# Work required
No line before the one containing "#35104 = EDGE_CURVE" is to be output; retype exactly that line and all lines that follow it to the end of the records.

# Data section
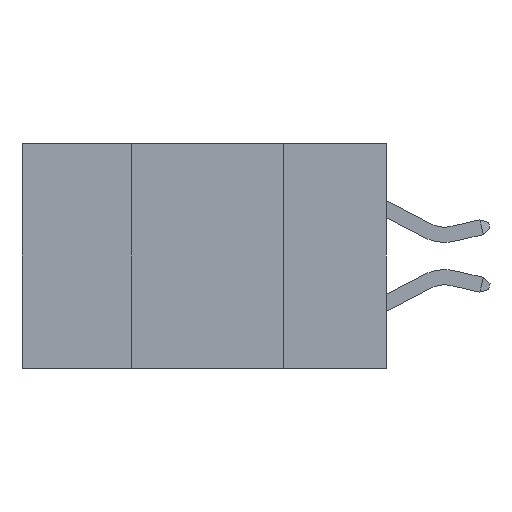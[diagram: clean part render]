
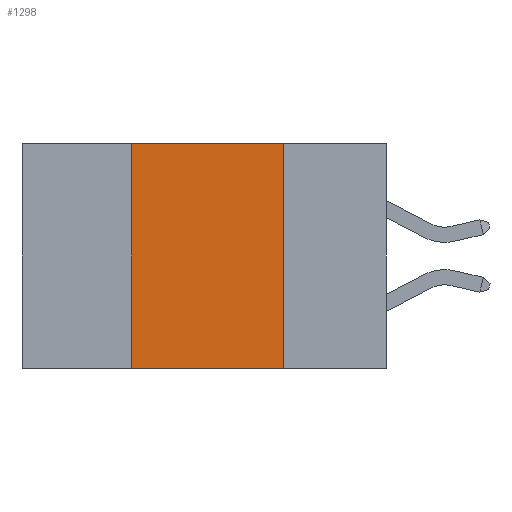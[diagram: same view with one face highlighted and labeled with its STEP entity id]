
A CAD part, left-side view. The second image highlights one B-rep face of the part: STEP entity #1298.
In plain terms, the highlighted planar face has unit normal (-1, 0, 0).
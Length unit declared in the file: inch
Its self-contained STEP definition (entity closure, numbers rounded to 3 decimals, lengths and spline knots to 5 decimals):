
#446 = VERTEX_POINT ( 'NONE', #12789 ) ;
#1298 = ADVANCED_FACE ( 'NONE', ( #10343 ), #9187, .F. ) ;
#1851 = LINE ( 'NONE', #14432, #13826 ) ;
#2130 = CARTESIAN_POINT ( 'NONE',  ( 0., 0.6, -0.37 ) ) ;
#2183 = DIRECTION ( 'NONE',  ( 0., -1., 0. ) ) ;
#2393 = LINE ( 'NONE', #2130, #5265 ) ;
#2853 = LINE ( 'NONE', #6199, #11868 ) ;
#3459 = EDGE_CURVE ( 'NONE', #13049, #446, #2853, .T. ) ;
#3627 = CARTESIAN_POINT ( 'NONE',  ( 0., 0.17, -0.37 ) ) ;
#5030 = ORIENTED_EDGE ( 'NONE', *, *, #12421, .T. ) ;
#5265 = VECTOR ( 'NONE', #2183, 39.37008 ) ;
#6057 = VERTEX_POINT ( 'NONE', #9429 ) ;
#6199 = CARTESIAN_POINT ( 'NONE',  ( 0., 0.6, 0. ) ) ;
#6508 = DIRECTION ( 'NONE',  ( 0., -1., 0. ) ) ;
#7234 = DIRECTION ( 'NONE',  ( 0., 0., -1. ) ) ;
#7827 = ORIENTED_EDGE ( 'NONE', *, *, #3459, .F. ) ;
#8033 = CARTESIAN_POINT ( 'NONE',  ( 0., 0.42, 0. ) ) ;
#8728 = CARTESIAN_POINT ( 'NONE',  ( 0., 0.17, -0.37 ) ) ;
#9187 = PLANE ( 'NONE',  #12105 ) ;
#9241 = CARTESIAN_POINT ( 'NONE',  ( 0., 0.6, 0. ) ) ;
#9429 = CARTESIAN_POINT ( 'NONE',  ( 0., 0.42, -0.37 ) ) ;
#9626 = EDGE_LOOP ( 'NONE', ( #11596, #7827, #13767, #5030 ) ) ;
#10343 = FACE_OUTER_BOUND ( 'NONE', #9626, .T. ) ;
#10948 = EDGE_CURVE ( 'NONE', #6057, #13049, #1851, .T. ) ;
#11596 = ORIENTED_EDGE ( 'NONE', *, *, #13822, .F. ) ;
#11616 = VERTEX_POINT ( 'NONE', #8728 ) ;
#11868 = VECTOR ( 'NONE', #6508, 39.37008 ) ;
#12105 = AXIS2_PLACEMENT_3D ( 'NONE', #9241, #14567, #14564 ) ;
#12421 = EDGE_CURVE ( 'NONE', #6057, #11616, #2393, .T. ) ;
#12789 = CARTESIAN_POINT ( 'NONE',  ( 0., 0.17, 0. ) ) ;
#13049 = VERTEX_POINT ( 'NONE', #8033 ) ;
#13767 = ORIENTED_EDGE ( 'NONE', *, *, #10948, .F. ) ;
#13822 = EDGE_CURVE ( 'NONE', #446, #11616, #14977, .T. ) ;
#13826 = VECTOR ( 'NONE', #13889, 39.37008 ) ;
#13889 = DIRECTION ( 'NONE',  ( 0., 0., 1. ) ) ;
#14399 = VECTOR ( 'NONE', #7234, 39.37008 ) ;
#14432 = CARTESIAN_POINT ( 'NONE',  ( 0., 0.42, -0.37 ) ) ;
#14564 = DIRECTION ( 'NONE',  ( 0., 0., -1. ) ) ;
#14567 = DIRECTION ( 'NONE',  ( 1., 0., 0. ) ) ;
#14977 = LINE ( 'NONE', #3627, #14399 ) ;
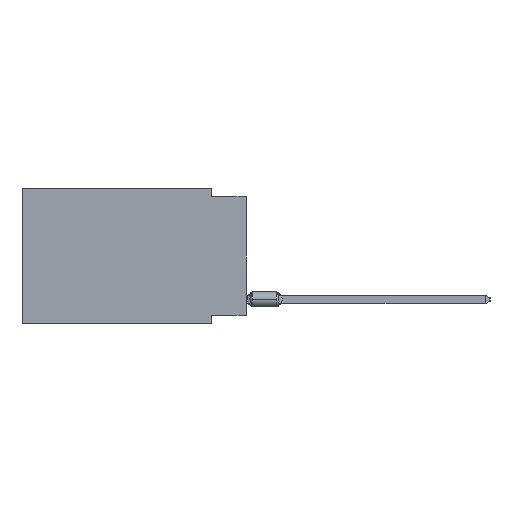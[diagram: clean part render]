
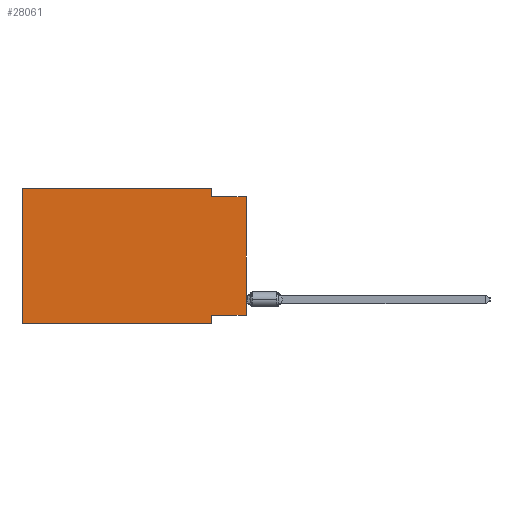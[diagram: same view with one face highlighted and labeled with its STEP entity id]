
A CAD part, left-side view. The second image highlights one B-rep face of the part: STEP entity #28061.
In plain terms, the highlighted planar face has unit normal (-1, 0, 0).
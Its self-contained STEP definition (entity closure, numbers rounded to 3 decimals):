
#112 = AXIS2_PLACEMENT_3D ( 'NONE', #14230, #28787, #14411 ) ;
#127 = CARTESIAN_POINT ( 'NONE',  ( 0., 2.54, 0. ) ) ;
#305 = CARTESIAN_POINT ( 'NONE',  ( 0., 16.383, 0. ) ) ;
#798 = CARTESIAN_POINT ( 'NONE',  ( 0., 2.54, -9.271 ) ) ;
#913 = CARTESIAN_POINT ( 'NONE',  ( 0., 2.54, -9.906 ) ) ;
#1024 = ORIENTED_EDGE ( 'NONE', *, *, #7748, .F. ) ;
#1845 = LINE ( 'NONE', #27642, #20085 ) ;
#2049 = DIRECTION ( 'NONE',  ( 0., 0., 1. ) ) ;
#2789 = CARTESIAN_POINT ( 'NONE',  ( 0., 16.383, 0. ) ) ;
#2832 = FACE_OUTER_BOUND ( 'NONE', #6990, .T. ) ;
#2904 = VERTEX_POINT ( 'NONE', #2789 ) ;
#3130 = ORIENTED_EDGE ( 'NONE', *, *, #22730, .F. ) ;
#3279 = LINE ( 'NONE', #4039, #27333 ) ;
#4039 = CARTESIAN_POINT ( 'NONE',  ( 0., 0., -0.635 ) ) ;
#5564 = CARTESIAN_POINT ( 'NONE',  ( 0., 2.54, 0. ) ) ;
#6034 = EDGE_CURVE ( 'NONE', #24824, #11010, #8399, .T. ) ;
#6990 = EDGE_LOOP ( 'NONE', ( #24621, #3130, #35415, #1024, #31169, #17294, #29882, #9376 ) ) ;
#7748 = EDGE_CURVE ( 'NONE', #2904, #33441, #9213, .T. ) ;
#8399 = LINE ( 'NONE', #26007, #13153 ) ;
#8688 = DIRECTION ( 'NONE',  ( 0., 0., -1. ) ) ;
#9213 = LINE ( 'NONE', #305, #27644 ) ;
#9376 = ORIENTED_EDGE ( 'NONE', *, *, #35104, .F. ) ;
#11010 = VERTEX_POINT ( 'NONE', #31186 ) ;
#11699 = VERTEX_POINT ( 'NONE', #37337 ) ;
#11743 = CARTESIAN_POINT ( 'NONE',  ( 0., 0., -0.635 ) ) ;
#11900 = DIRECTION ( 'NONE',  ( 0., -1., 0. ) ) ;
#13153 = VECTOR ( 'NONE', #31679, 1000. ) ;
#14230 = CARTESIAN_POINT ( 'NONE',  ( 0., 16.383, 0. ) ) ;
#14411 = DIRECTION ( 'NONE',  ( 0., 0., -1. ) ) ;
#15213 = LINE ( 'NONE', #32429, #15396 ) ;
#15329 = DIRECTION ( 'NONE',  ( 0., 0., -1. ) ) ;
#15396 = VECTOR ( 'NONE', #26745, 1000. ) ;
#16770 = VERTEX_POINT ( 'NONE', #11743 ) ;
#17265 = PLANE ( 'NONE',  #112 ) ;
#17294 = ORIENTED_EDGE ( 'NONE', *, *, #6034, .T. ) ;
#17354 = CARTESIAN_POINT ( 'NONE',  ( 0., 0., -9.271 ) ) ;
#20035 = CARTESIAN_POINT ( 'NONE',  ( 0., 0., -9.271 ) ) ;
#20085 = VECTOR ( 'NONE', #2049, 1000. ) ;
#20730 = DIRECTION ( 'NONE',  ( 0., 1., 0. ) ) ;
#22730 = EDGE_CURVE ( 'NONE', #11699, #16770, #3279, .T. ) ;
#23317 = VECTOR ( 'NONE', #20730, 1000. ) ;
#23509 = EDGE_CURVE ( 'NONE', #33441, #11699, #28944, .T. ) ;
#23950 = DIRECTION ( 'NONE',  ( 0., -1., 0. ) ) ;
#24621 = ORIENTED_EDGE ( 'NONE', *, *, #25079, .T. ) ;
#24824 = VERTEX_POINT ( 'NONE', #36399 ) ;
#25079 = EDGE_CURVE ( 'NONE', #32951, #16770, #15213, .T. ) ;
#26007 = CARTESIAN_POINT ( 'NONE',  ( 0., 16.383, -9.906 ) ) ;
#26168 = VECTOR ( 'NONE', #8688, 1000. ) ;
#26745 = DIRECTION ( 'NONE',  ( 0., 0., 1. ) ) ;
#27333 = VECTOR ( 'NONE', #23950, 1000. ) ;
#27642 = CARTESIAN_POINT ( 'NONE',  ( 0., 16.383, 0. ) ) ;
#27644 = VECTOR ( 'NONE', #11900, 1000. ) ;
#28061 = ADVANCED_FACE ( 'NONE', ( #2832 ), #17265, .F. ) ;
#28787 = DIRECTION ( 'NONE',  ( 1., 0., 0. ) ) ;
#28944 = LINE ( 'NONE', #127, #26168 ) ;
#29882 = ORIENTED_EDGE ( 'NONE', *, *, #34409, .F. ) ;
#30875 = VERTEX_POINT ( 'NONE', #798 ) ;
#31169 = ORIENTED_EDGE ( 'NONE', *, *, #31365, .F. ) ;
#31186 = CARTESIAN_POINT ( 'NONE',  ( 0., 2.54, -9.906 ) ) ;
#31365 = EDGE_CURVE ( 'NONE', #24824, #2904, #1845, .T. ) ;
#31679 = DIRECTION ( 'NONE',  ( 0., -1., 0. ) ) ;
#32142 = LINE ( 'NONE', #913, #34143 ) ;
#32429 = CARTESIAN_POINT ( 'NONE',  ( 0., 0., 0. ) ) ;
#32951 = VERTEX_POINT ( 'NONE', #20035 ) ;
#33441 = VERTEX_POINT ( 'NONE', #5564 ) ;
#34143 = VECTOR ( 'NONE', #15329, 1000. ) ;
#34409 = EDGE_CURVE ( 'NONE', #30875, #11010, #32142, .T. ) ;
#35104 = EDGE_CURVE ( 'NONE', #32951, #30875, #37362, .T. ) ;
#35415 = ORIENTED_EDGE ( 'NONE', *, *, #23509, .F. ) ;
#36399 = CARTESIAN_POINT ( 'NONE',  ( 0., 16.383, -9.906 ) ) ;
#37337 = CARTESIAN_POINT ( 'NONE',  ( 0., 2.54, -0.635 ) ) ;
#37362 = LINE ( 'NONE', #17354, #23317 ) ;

# Answer below
#35104 = EDGE_CURVE ( 'NONE', #32951, #30875, #37362, .T. ) ;
#35415 = ORIENTED_EDGE ( 'NONE', *, *, #23509, .F. ) ;
#36399 = CARTESIAN_POINT ( 'NONE',  ( 0., 16.383, -9.906 ) ) ;
#37337 = CARTESIAN_POINT ( 'NONE',  ( 0., 2.54, -0.635 ) ) ;
#37362 = LINE ( 'NONE', #17354, #23317 ) ;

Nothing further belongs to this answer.